June 25, 2026 · 9m 28s · Listen

FERC put a 60-day clock on six grid operators, Virginia told its data centers they drink the same water as everyone else — and the buildout just ran into three walls at once. If you're just joining us: the fight in Washington is over whether FERC and DOE can standardize grid hookups for data-center-scale loads without trampling state control over distribution, retail sales, and service terms. FERC had already put DOE's Section 403 proposal on a June 2026 timeline — and those jurisdictional lines shape what any federal move can actually look like. This is The Data Center Daily. Today — water, a show-cause deadline, and a Georgia county commission. Same question every time: who pays. And we start with what Digital Realty actually announced. Matt's got opinions. Here's Telecom Review Americas:

Digital Realty announced a series of transactions that, together, bolster the company’s three core pillars of growth: (i) expansion of its hyperscale data center development capacity through the acquisition of a new powered land site in the Kansas City metro, (ii) growth of its colocation and connectivity portfolio through the purchase of certain minority shareholder stakes in Teraco, and (iii) further scaling of its Strategic Private Capital platform through the acquisition of Columbia Capital, a leading investment firm in the digital infrastructure space.
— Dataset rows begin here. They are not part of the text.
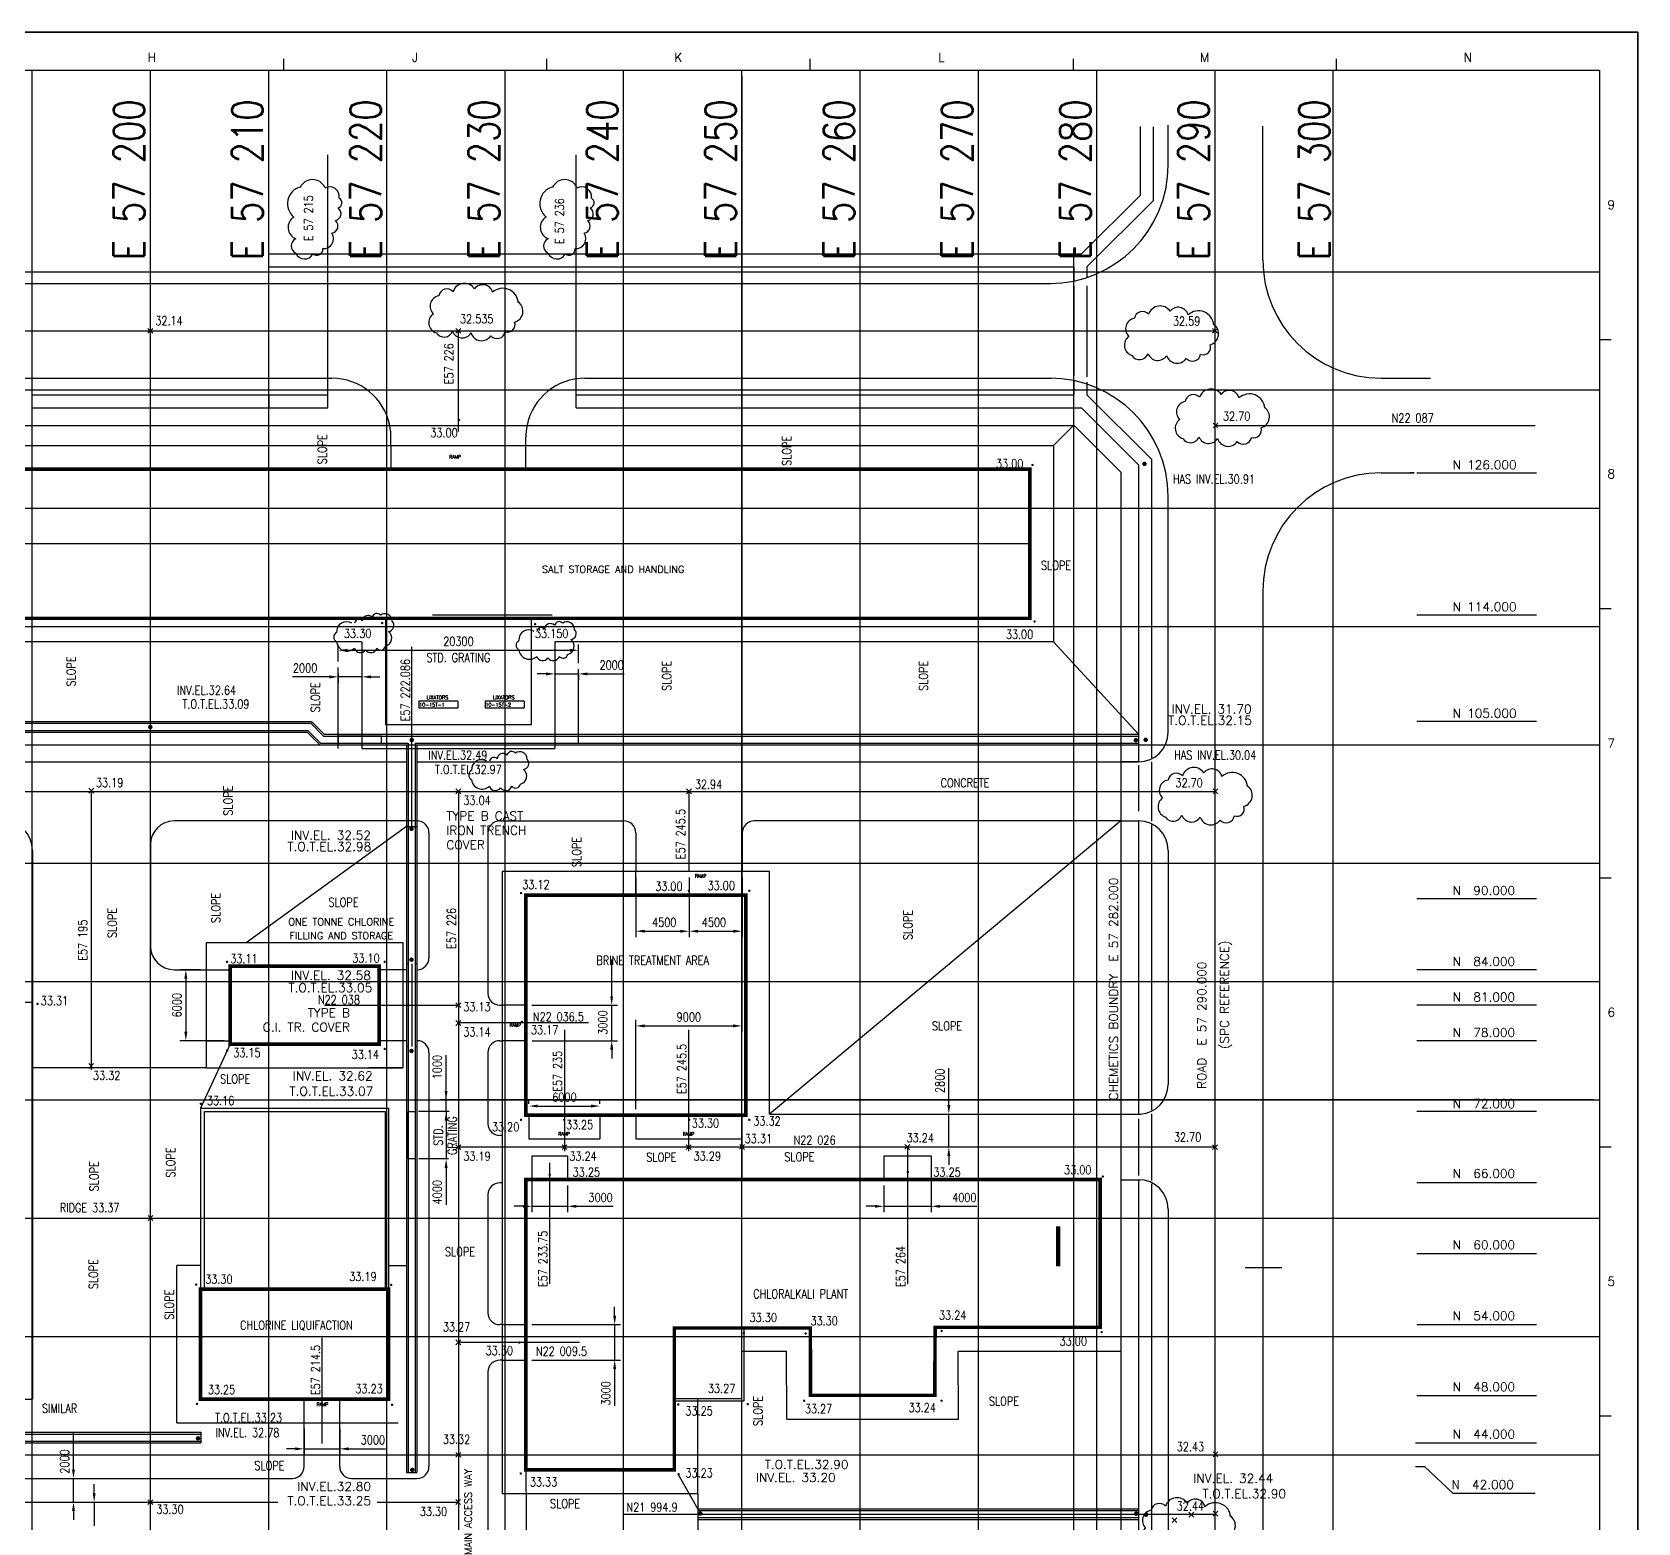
# Model space of a CAD drawing. Extents: x 0 to 297250, y 0 to 210250.
# Drawn here: x 161504 to 297250, y 84242 to 210250 of the extents above; entities that cross this region are included whole.
import ezdxf
from ezdxf.enums import TextEntityAlignment as Align

# ---------------------------------------------------------------- set-up
doc = ezdxf.new("R2010")
doc.units = 0
doc.header["$LTSCALE"] = 6250
for name, pattern in [('BAYLINE', [0]), ('CENTER', [0]), ('CENTER2', [0]), ('HIDDEN', [0]), ('HIDDEN2', [0]), ('PHAN', [0]), ('PHANTOM', [0])]:
    doc.linetypes.add(name, pattern=pattern)
doc.layers.get('0').update_dxf_attribs({"linetype": 'CONTINUOUS'})
for name, color, linetype in [('BAYLINE', 7, 'CENTER2'), ('BORDER', 7, 'CONTINUOUS'), ('BUILDINGS', 1, 'CONTINUOUS'), ('CENTERLINE', 7, 'CENTER2'), ('CL', 7, 'CENTER2'), ('CUTLINE', 7, 'CONTINUOUS'), ('DIM', 6, 'CONTINUOUS'), ('GRID', 141, 'CONTINUOUS'), ('HATCH', 7, 'CONTINUOUS'), ('ROADS', 2, 'CONTINUOUS'), ('TEXT', 7, 'CONTINUOUS'), ('TEXTM', 1, 'CONTINUOUS'), ('TRENCH', 241, 'HIDDEN2')]:
    doc.layers.add(name, color=color, linetype=linetype)
doc.styles.get("Standard").update_dxf_attribs({"font": 'ROMANS.shx', "width": 0.8})

msp = doc.modelspace()

# ---------------------------------------------------------------- linework, layer by layer
at = {"layer": 'BAYLINE', "color": 0, "linetype": 'CENTER'}
for p, q in [((249538, 191902), (249538, 12884)), ((278566, 131019), (288681, 131019)), ((278566, 128019), (288681, 128019)), ((278566, 125019), (288681, 125019)), ((278566, 113019), (288681, 113019)), ((278566, 107019), (288681, 107019)), ((278566, 101019), (288681, 101019)), ((278566, 95019), (288681, 95019)), ((278453, 91019), (288681, 91019)), ((278453, 89019), (279222, 89019)), ((279222, 89019), (281593, 86754)), ((281593, 86754), (288573, 86754))]:
    msp.add_line(p, q, dxfattribs=at)
at = {"layer": 'BAYLINE', "color": 0, "linetype": 'PHAN'}
msp.add_line((253538, 173066), (253538, 44437), dxfattribs=at)
at = {"layer": 'BAYLINE', "color": 0, "linetype": 'PHANTOM'}
for p, q in [((278566, 173001), (288681, 173001)), ((195341, 161001), (205456, 161001)), ((278566, 161001), (288681, 161001)), ((278566, 152001), (288681, 152001)), ((278566, 137019), (288681, 137019))]:
    msp.add_line(p, q, dxfattribs=at)
at = {"layer": 'BAYLINE', "color": 0}
msp.add_line((211438, 84985), (261504, 84985), dxfattribs=at)
at = {"layer": 'BORDER', "color": 0}
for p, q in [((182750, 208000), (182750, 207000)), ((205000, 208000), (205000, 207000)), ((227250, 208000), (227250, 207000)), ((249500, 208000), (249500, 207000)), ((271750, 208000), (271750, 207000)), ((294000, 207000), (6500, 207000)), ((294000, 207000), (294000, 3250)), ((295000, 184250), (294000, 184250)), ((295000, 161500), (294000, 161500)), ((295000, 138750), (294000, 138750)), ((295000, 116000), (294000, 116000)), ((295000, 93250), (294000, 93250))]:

Digital Realty's out with a Telecom Review Americas wrap-up. We already knew about the Kansas City powered land and the Teraco minority stakes; the third piece is Columbia Capital, which they're buying for the private capital platform. We already pulled the Kansas City site and the Teraco stake from the 8-K two days ago. So I went looking for a number that wasn't in the filing — a megawatt figure, a close date, a price for Columbia. Came up empty. Right, so it's the press release in a nicer suit. Andy Power says Kansas City serves "hyperscale customers' near-term requirements" — near-term meaning what, signed, or just powered dirt they're hoping fills? Powered land gives them real site control, Matt. It doesn't mean they have a customer. The Teraco piece is the one with hard structure — that gets them to seventy-seven percent control, close in the back half of 2026. And now they're out front marketing it as a "core pillar." Three pillars, fund after fund — the Columbia buy is them buying the machine that raises the money to build the thing. Vertical integration of the capital stack. Shayna Greene, writing in Bloomberg Law:

FERC issued show cause orders last week to six regional operators to either propose changes or demonstrate within 60 days how their tariffs, or rulebooks, can be considered “just and reasonable” without clear protocols addressing large electricity consumers like data centers. The move allows the commission to stay within the confines of what the Federal Power Act authorizes while also serving as an aggressive push toward clearer large load protocols specific to each region’s needs.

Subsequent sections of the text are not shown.